BRIEF: When you reach a picture, leave it out; output everything else in the records exactly.

SOURCE MATERIAL:
:::

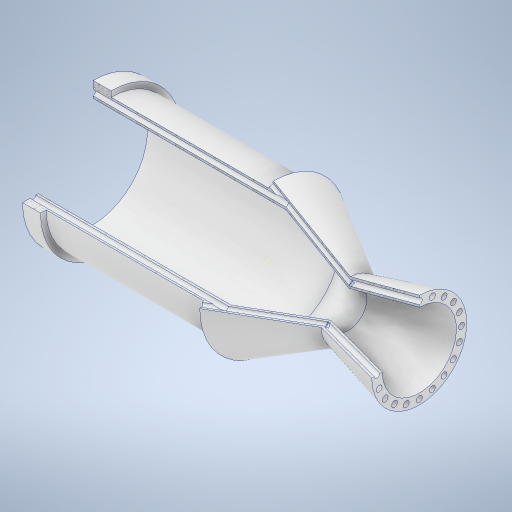
# Autodesk Inventor part: aluminium engine
Saved by Autodesk Inventor 2023 (Build 270158000, 158)
## iProperties
Created: 2022-09-15
Part Number: aluminium engine
Material: Aluminum 6061
Document SubType Name: Modeling
Designer: station
Density: 2.7 g/cm^3
Appearance: Aluminum - Flat
Author: station
Autodesk Inventor part; units mm, degrees
ref_plane "XZ Plane" through (0, 0, 0) normal (0, 1, 0) x (-1, 0, 0)
sketch "Sketch2" plane through (0, 0, 0) normal (0, 0, 1) x (1, 0, 0)
  line L0 (0, 54.5) -> (192, 54.5)
  line L1 (254.7886, 18.124) -> (254.7886, 0) construction
  line L2 (192, 54.5) -> (254.7886, 18.124)
  line L3 (254.7886, 18.124) -> (325.1228, 36.97)
  line L4 (254.7886, 18.124) -> (254.7886, 43.3259) construction
  line L5 (0, 0) -> (254.7886, 0)
  line L6 (325.1228, 36.97) -> (325.1228, 0)
  line L7 (0, 64.5) -> (174.6795, 64.5)
  line L8 (194.6795, 64.375) -> (256.2014, 28.8553)
  line L9 (256.2014, 28.8553) -> (325.1228, 47.3228)
  line L10 (325.1228, 36.97) -> (325.1228, 47.3228)
  line L11 (0, 54.5) -> (0, 64.5)
  line L12 (174.6795, 64.5) -> (164.6795, 64.5)
  line L13 (174.6795, 64.5) -> (179.6254, 73.0665)
  line L14 (194.6795, 64.375) -> (179.6254, 73.0665)
  line L15 (0, 0) -> (0, 70)
  line L16 (0, 70) -> (18, 70)
  line L17 (18, 70) -> (18, 64.5)
  line L18 (192, 54.5) -> (254.7886, 18.124)
  line L19 (194.5065, 58.8264) -> (257.295, 22.4504)
  line L20 (194.5065, 58.8264) -> (139.8332, 90.392)
  point P0 (254.7886, 31.9804)
  point P1 (0, 64.375)
  dimension "d2" = 18.124
  dimension "d9" = 54.5
  dimension "d43" = 192
  dimension "d44" = 10
  dimension "d45" = 10
  dimension "d47" = 60
  dimension "d48" = 70
  dimension "d49" = 18
  dimension "d69" = 5
  constraints: 42 end point, 5 vertical, 3 point on line, 2 parallel, 2 perpendicular, 1 collinear
  measures "d2" distance of L1.start L1.end
  measures "d9" distance from line of L5.start L0
  measures "d43" distance of L0.start L0.end
  measures "d44" distance between parallel lines of L0 L7
  measures "d45" distance of L7.end L12.end
  measures "d47" angle of L7 L13
  measures "d48" distance of L5.start L15.end
  measures "d49" distance of L15.end L16.end
  measures "d69" distance between parallel lines of L2 L19
revolve "Revolution1" add sketch "Sketch2" angle 360 about axis through (0, 0, 0) along (1, 0, 0)
sketch "Sketch9" plane through (0, 0, 0) normal (-1, 0, 0) x (0, 0, 1)
  circle A0 centre (0, 0) radius 59.5 construction
  circle A1 centre (0, 59.5) radius 3
  dimension "d50" = 119
  dimension "d51" = 6
  constraints: 1 centre point, 1 coincident, 1 vertical alignment, 2 other
  measures "d51" diameter of A1
extrude "Extrusion2" cut sketch "Sketch9" against normal blind 192
pattern_circular "Circular Pattern1" count 20 over 360 about axis through (-10, 0, 0) along (1, 0, 0) of "Extrusion2"
ref_plane "Work Plane7" through (175, 0, 0) normal (1, 0, 0) x (0, 1, 0)
sketch "Sketch11" plane through (175, 0, 0) normal (1, 0, 0) x (0, 1, 0)
  point P0 (0, 0)
sketch "Sketch13" plane through (325.1228, 0, 0) normal (1, 0, 0) x (0, 0, -1)
  circle A0 centre (0, 0) radius 42
  circle A1 centre (0, 42) radius 3
  dimension "d58" = 84
  dimension "d59" = 6
  constraints: 1 centre point, 1 coincident, 1 vertical alignment, 2 other
  measures "d59" diameter of A1
ref_plane "Work Plane8" through (0, 0, 0) normal (0, 0, 1) x (1, 0, 0)
sketch "Sketch14" plane through (0, 0, 0) normal (0, 0, 1) x (1, 0, 0)
  line L0 (325.1228, -47.3228) -> (325.1228, 47.3228) projected
  line L1 (325.1228, 42.329) -> (254.5849, 23.4284)
  line L2 (256.2014, 28.8553) -> (325.1228, 47.3228) projected
  point P0 (0, 0)
  constraints: 2 end point, 1 parallel, 1 point on line
sweep "Sweep2" cut profiles "Sketch13" path "Sketch14" picked at (-0.1178, 40.999) picked at (0.1042, 42.9866) path curves L1 contours A1 A0 | A0 A1
pattern_circular "Circular Pattern2" count 20 over 360 about axis through (-10, 0, 0) along (1, 0, 0) of "Sweep2"
sketch "Sketch15" plane through (175, 0, 0) normal (1, 0, 0) x (0, 1, 0)
  point P0 (0, 0)
ref_plane "Work Plane12" through (103.057, -59.5, 0) normal (-0.8660254, 0.5, 0) x (0, 0, 1)
ref_plane "Work Plane11" through (0, 0, 0) normal (-0.8660254, 0.5, 0) x (0, 0, 1)
sketch "Sketch16" plane through (103.057, -59.5, 0) normal (-0.8660254, 0.5, 0) x (0, 0, 1)
  point P0 (0, 0)
sketch "Sketch17" plane through (103.057, -59.5, 0) normal (-0.8660254, 0.5, 0) x (0, 0, 1)
  circle A0 centre (0, 148.1254) radius 3
  point P0 (0, 0)
  dimension "d70" = 6
  constraints: 1 centre point
  measures "d70" diameter of A0
extrude "Extrusion3" cut sketch "Sketch17" against normal blind 93
pattern_circular "Circular Pattern3" count 20 over 360 about axis through (-10, 0, 0) along (1, 0, 0) of "Extrusion3"
body "Solid1"

:::

RESPONSE BOX:
# Autodesk Inventor part: aluminium engine
Saved by Autodesk Inventor 2023 (Build 270158000, 158)
## iProperties
Created: 2022-09-15
Part Number: aluminium engine
Material: Aluminum 6061
Document SubType Name: Modeling
Designer: station
Density: 2.7 g/cm^3
Appearance: Aluminum - Flat
Author: station
Autodesk Inventor part; units mm, degrees
ref_plane "XZ Plane" through (0, 0, 0) normal (0, 1, 0) x (-1, 0, 0)
sketch "Sketch2" plane through (0, 0, 0) normal (0, 0, 1) x (1, 0, 0)
  line L0 (0, 54.5) -> (192, 54.5)
  line L1 (254.7886, 18.124) -> (254.7886, 0) construction
  line L2 (192, 54.5) -> (254.7886, 18.124)
  line L3 (254.7886, 18.124) -> (325.1228, 36.97)
  line L4 (254.7886, 18.124) -> (254.7886, 43.3259) construction
  line L5 (0, 0) -> (254.7886, 0)
  line L6 (325.1228, 36.97) -> (325.1228, 0)
  line L7 (0, 64.5) -> (174.6795, 64.5)
  line L8 (194.6795, 64.375) -> (256.2014, 28.8553)
  line L9 (256.2014, 28.8553) -> (325.1228, 47.3228)
  line L10 (325.1228, 36.97) -> (325.1228, 47.3228)
  line L11 (0, 54.5) -> (0, 64.5)
  line L12 (174.6795, 64.5) -> (164.6795, 64.5)
  line L13 (174.6795, 64.5) -> (179.6254, 73.0665)
  line L14 (194.6795, 64.375) -> (179.6254, 73.0665)
  line L15 (0, 0) -> (0, 70)
  line L16 (0, 70) -> (18, 70)
  line L17 (18, 70) -> (18, 64.5)
  line L18 (192, 54.5) -> (254.7886, 18.124)
  line L19 (194.5065, 58.8264) -> (257.295, 22.4504)
  line L20 (194.5065, 58.8264) -> (139.8332, 90.392)
  point P0 (254.7886, 31.9804)
  point P1 (0, 64.375)
  dimension "d2" = 18.124
  dimension "d9" = 54.5
  dimension "d43" = 192
  dimension "d44" = 10
  dimension "d45" = 10
  dimension "d47" = 60
  dimension "d48" = 70
  dimension "d49" = 18
  dimension "d69" = 5
  constraints: 42 end point, 5 vertical, 3 point on line, 2 parallel, 2 perpendicular, 1 collinear
  measures "d2" distance of L1.start L1.end
  measures "d9" distance from line of L5.start L0
  measures "d43" distance of L0.start L0.end
  measures "d44" distance between parallel lines of L0 L7
  measures "d45" distance of L7.end L12.end
  measures "d47" angle of L7 L13
  measures "d48" distance of L5.start L15.end
  measures "d49" distance of L15.end L16.end
  measures "d69" distance between parallel lines of L2 L19
revolve "Revolution1" add sketch "Sketch2" angle 360 about axis through (0, 0, 0) along (1, 0, 0)
sketch "Sketch9" plane through (0, 0, 0) normal (-1, 0, 0) x (0, 0, 1)
  circle A0 centre (0, 0) radius 59.5 construction
  circle A1 centre (0, 59.5) radius 3
  dimension "d50" = 119
  dimension "d51" = 6
  constraints: 1 centre point, 1 coincident, 1 vertical alignment, 2 other
  measures "d51" diameter of A1
extrude "Extrusion2" cut sketch "Sketch9" against normal blind 192
pattern_circular "Circular Pattern1" count 20 over 360 about axis through (-10, 0, 0) along (1, 0, 0) of "Extrusion2"
ref_plane "Work Plane7" through (175, 0, 0) normal (1, 0, 0) x (0, 1, 0)
sketch "Sketch11" plane through (175, 0, 0) normal (1, 0, 0) x (0, 1, 0)
  point P0 (0, 0)
sketch "Sketch13" plane through (325.1228, 0, 0) normal (1, 0, 0) x (0, 0, -1)
  circle A0 centre (0, 0) radius 42
  circle A1 centre (0, 42) radius 3
  dimension "d58" = 84
  dimension "d59" = 6
  constraints: 1 centre point, 1 coincident, 1 vertical alignment, 2 other
  measures "d59" diameter of A1
ref_plane "Work Plane8" through (0, 0, 0) normal (0, 0, 1) x (1, 0, 0)
sketch "Sketch14" plane through (0, 0, 0) normal (0, 0, 1) x (1, 0, 0)
  line L0 (325.1228, -47.3228) -> (325.1228, 47.3228) projected
  line L1 (325.1228, 42.329) -> (254.5849, 23.4284)
  line L2 (256.2014, 28.8553) -> (325.1228, 47.3228) projected
  point P0 (0, 0)
  constraints: 2 end point, 1 parallel, 1 point on line
sweep "Sweep2" cut profiles "Sketch13" path "Sketch14" picked at (-0.1178, 40.999) picked at (0.1042, 42.9866) path curves L1 contours A1 A0 | A0 A1
pattern_circular "Circular Pattern2" count 20 over 360 about axis through (-10, 0, 0) along (1, 0, 0) of "Sweep2"
sketch "Sketch15" plane through (175, 0, 0) normal (1, 0, 0) x (0, 1, 0)
  point P0 (0, 0)
ref_plane "Work Plane12" through (103.057, -59.5, 0) normal (-0.8660254, 0.5, 0) x (0, 0, 1)
ref_plane "Work Plane11" through (0, 0, 0) normal (-0.8660254, 0.5, 0) x (0, 0, 1)
sketch "Sketch16" plane through (103.057, -59.5, 0) normal (-0.8660254, 0.5, 0) x (0, 0, 1)
  point P0 (0, 0)
sketch "Sketch17" plane through (103.057, -59.5, 0) normal (-0.8660254, 0.5, 0) x (0, 0, 1)
  circle A0 centre (0, 148.1254) radius 3
  point P0 (0, 0)
  dimension "d70" = 6
  constraints: 1 centre point
  measures "d70" diameter of A0
extrude "Extrusion3" cut sketch "Sketch17" against normal blind 93
pattern_circular "Circular Pattern3" count 20 over 360 about axis through (-10, 0, 0) along (1, 0, 0) of "Extrusion3"
body "Solid1"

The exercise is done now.